DESCRIPTION OF THE TASK: The stretch from the line with "- removed the REF** at (95.0, 88.5)" through the line with "- net /Connector/TMS: track" in the records below: write it out exactly, and nothing else.

INPUT:

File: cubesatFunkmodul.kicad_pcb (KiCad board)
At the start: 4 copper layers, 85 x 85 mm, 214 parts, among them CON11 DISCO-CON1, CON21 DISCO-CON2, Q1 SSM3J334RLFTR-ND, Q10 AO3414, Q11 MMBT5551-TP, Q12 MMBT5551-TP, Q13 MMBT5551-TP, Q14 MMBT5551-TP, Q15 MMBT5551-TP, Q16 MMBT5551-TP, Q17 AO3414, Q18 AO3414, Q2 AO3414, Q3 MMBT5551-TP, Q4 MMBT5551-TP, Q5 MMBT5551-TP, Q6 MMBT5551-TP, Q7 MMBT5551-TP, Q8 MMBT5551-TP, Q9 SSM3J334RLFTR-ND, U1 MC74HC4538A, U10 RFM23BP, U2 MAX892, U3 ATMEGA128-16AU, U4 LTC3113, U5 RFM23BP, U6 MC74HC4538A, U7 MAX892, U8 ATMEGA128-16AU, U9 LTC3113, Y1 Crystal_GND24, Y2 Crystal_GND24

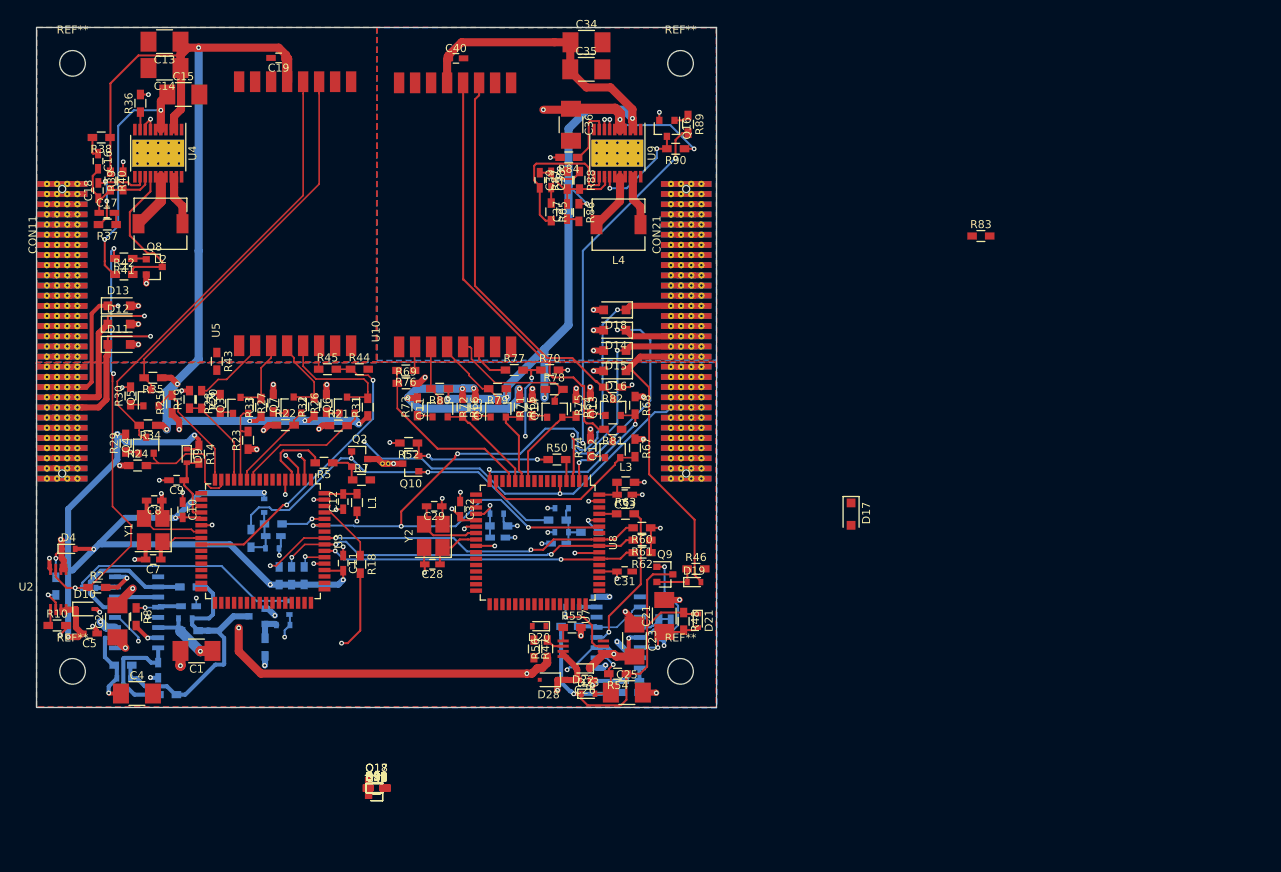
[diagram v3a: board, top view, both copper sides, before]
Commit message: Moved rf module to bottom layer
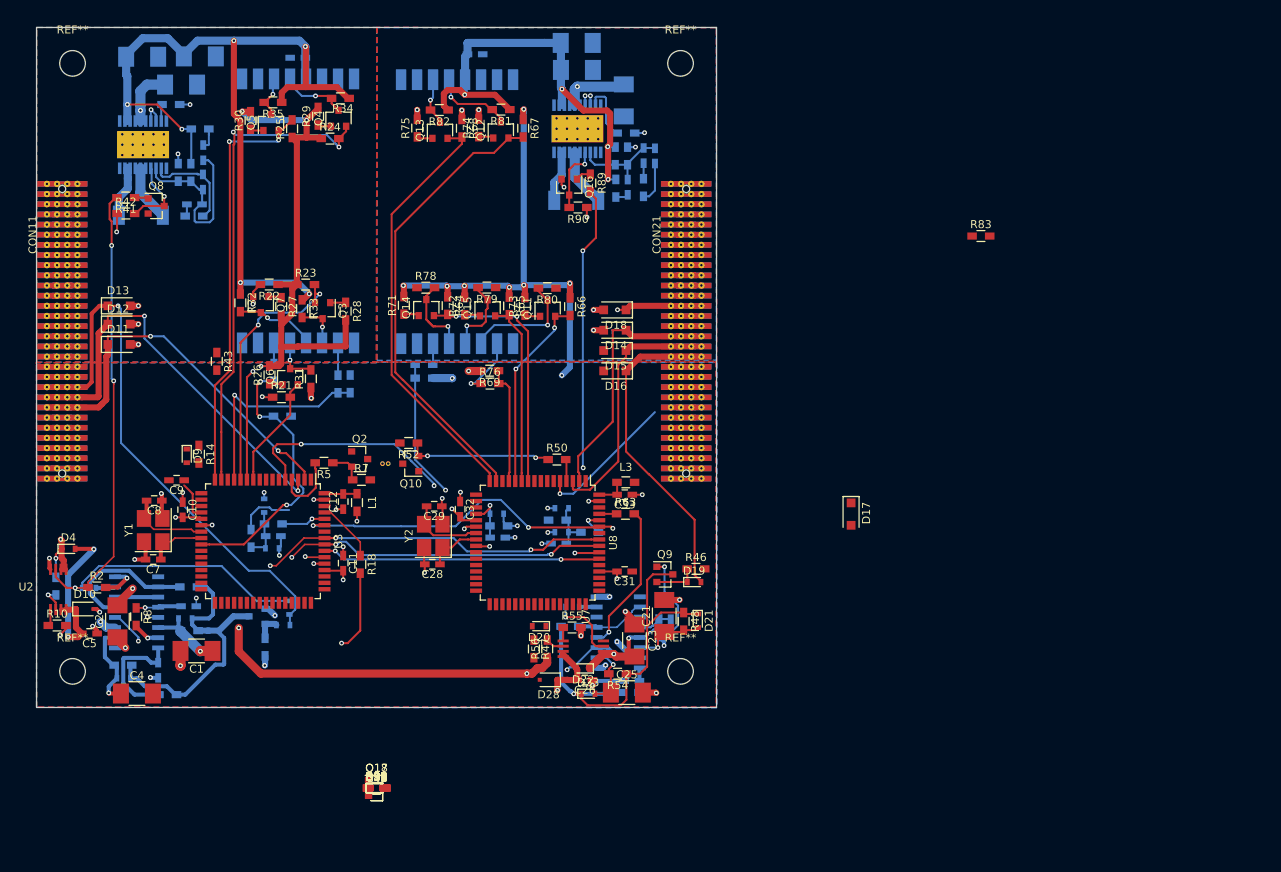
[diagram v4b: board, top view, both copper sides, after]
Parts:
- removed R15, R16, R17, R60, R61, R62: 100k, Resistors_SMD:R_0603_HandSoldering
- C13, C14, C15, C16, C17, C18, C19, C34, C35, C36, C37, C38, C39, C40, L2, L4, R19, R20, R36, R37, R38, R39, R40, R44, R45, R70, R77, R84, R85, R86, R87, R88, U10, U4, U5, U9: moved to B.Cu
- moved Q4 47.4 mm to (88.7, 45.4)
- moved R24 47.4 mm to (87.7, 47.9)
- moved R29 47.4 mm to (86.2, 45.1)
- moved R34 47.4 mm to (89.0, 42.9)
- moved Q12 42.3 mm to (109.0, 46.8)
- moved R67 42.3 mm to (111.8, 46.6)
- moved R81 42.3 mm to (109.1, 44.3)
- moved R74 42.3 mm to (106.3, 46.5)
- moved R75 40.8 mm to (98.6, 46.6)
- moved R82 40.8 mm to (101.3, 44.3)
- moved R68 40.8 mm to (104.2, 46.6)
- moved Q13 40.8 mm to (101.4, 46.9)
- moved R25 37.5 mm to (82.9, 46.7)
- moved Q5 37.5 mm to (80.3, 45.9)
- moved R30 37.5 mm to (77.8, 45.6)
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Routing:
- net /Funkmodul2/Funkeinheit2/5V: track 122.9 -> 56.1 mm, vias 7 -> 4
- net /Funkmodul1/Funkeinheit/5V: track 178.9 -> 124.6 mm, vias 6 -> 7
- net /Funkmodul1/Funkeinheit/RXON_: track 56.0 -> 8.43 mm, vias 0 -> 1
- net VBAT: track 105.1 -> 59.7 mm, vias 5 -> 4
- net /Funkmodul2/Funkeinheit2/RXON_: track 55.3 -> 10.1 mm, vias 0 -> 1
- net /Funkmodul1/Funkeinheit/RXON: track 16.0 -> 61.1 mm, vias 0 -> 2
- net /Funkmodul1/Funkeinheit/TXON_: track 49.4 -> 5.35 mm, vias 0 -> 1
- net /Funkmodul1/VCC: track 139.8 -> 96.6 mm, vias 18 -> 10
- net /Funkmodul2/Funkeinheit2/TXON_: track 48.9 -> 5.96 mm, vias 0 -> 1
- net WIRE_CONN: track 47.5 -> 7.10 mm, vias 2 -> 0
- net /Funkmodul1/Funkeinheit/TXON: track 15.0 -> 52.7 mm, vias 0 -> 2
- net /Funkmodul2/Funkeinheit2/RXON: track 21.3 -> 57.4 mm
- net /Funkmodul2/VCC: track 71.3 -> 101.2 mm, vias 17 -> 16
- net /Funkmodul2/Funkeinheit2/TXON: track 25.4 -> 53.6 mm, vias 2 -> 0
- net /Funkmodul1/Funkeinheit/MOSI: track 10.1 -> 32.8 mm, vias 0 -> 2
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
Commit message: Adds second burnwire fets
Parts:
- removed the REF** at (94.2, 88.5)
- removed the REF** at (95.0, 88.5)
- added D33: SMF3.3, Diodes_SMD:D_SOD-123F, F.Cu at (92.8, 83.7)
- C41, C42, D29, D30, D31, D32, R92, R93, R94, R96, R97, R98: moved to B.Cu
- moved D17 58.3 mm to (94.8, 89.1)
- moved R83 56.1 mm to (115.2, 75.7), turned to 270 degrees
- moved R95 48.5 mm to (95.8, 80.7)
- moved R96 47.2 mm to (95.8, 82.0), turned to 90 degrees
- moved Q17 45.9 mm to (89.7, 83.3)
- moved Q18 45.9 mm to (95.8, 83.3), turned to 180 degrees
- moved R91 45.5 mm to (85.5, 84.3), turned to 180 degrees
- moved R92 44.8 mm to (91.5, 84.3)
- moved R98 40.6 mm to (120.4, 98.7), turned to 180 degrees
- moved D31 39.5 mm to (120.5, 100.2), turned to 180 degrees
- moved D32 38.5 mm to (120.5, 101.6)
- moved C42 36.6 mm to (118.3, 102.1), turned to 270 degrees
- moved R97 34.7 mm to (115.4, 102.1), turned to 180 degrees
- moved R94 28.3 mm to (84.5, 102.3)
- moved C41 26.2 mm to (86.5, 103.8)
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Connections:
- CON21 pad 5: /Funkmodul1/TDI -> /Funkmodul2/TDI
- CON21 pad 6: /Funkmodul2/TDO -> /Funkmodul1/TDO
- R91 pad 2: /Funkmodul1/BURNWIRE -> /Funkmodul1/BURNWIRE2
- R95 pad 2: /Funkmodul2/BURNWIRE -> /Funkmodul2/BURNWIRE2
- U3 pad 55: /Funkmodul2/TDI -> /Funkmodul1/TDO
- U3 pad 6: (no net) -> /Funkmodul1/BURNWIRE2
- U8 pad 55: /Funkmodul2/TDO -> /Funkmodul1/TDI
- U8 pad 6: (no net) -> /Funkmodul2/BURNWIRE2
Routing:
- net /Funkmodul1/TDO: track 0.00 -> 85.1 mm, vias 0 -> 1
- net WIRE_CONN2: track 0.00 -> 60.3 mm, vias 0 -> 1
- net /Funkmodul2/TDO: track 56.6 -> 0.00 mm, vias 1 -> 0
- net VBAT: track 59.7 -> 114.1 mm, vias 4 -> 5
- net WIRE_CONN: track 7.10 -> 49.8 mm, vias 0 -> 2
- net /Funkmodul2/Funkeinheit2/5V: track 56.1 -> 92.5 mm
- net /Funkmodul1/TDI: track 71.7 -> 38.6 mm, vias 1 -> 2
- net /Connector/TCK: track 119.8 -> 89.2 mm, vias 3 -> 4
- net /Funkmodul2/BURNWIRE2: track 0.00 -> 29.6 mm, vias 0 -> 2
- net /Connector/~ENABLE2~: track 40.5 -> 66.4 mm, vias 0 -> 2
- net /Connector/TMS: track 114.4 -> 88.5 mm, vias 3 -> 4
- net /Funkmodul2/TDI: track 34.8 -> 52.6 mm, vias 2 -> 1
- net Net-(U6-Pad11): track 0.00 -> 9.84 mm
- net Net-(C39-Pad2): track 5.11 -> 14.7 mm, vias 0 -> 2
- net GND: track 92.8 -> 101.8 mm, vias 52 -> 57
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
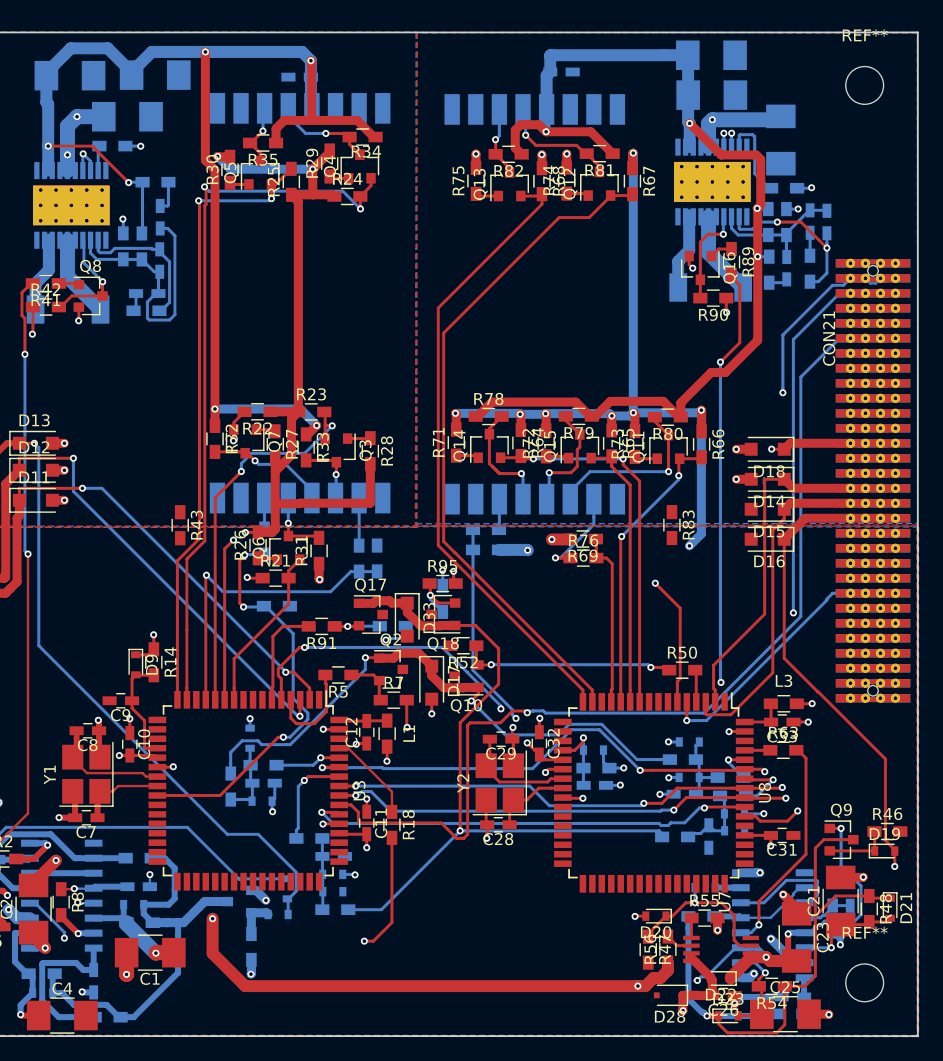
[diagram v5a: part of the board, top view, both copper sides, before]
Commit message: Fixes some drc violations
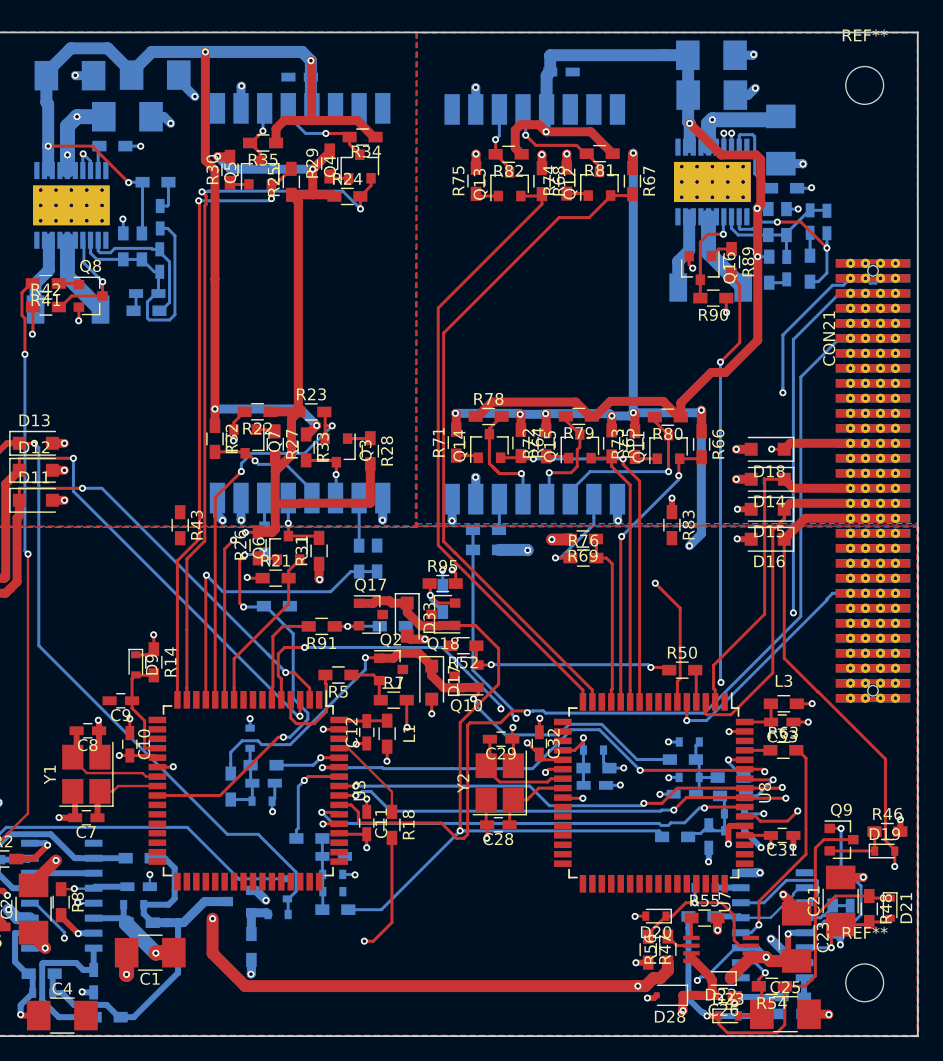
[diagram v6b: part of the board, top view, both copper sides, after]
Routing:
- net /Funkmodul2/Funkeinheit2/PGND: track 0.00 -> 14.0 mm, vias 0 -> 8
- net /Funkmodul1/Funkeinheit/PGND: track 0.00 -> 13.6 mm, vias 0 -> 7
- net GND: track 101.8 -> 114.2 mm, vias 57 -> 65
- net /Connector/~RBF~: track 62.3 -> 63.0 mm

REPLY TO THE TASK:
- removed the REF** at (95.0, 88.5)
- added D33: SMF3.3, Diodes_SMD:D_SOD-123F, F.Cu at (92.8, 83.7)
- C41, C42, D29, D30, D31, D32, R92, R93, R94, R96, R97, R98: moved to B.Cu
- moved D17 58.3 mm to (94.8, 89.1)
- moved R83 56.1 mm to (115.2, 75.7), turned to 270 degrees
- moved R95 48.5 mm to (95.8, 80.7)
- moved R96 47.2 mm to (95.8, 82.0), turned to 90 degrees
- moved Q17 45.9 mm to (89.7, 83.3)
- moved Q18 45.9 mm to (95.8, 83.3), turned to 180 degrees
- moved R91 45.5 mm to (85.5, 84.3), turned to 180 degrees
- moved R92 44.8 mm to (91.5, 84.3)
- moved R98 40.6 mm to (120.4, 98.7), turned to 180 degrees
- moved D31 39.5 mm to (120.5, 100.2), turned to 180 degrees
- moved D32 38.5 mm to (120.5, 101.6)
- moved C42 36.6 mm to (118.3, 102.1), turned to 270 degrees
- moved R97 34.7 mm to (115.4, 102.1), turned to 180 degrees
- moved R94 28.3 mm to (84.5, 102.3)
- moved C41 26.2 mm to (86.5, 103.8)
Connections:
- CON21 pad 5: /Funkmodul1/TDI -> /Funkmodul2/TDI
- CON21 pad 6: /Funkmodul2/TDO -> /Funkmodul1/TDO
- R91 pad 2: /Funkmodul1/BURNWIRE -> /Funkmodul1/BURNWIRE2
- R95 pad 2: /Funkmodul2/BURNWIRE -> /Funkmodul2/BURNWIRE2
- U3 pad 55: /Funkmodul2/TDI -> /Funkmodul1/TDO
- U3 pad 6: (no net) -> /Funkmodul1/BURNWIRE2
- U8 pad 55: /Funkmodul2/TDO -> /Funkmodul1/TDI
- U8 pad 6: (no net) -> /Funkmodul2/BURNWIRE2
Routing:
- net /Funkmodul1/TDO: track 0.00 -> 85.1 mm, vias 0 -> 1
- net WIRE_CONN2: track 0.00 -> 60.3 mm, vias 0 -> 1
- net /Funkmodul2/TDO: track 56.6 -> 0.00 mm, vias 1 -> 0
- net VBAT: track 59.7 -> 114.1 mm, vias 4 -> 5
- net WIRE_CONN: track 7.10 -> 49.8 mm, vias 0 -> 2
- net /Funkmodul2/Funkeinheit2/5V: track 56.1 -> 92.5 mm
- net /Funkmodul1/TDI: track 71.7 -> 38.6 mm, vias 1 -> 2
- net /Connector/TCK: track 119.8 -> 89.2 mm, vias 3 -> 4
- net /Funkmodul2/BURNWIRE2: track 0.00 -> 29.6 mm, vias 0 -> 2
- net /Connector/~ENABLE2~: track 40.5 -> 66.4 mm, vias 0 -> 2
- net /Connector/TMS: track 114.4 -> 88.5 mm, vias 3 -> 4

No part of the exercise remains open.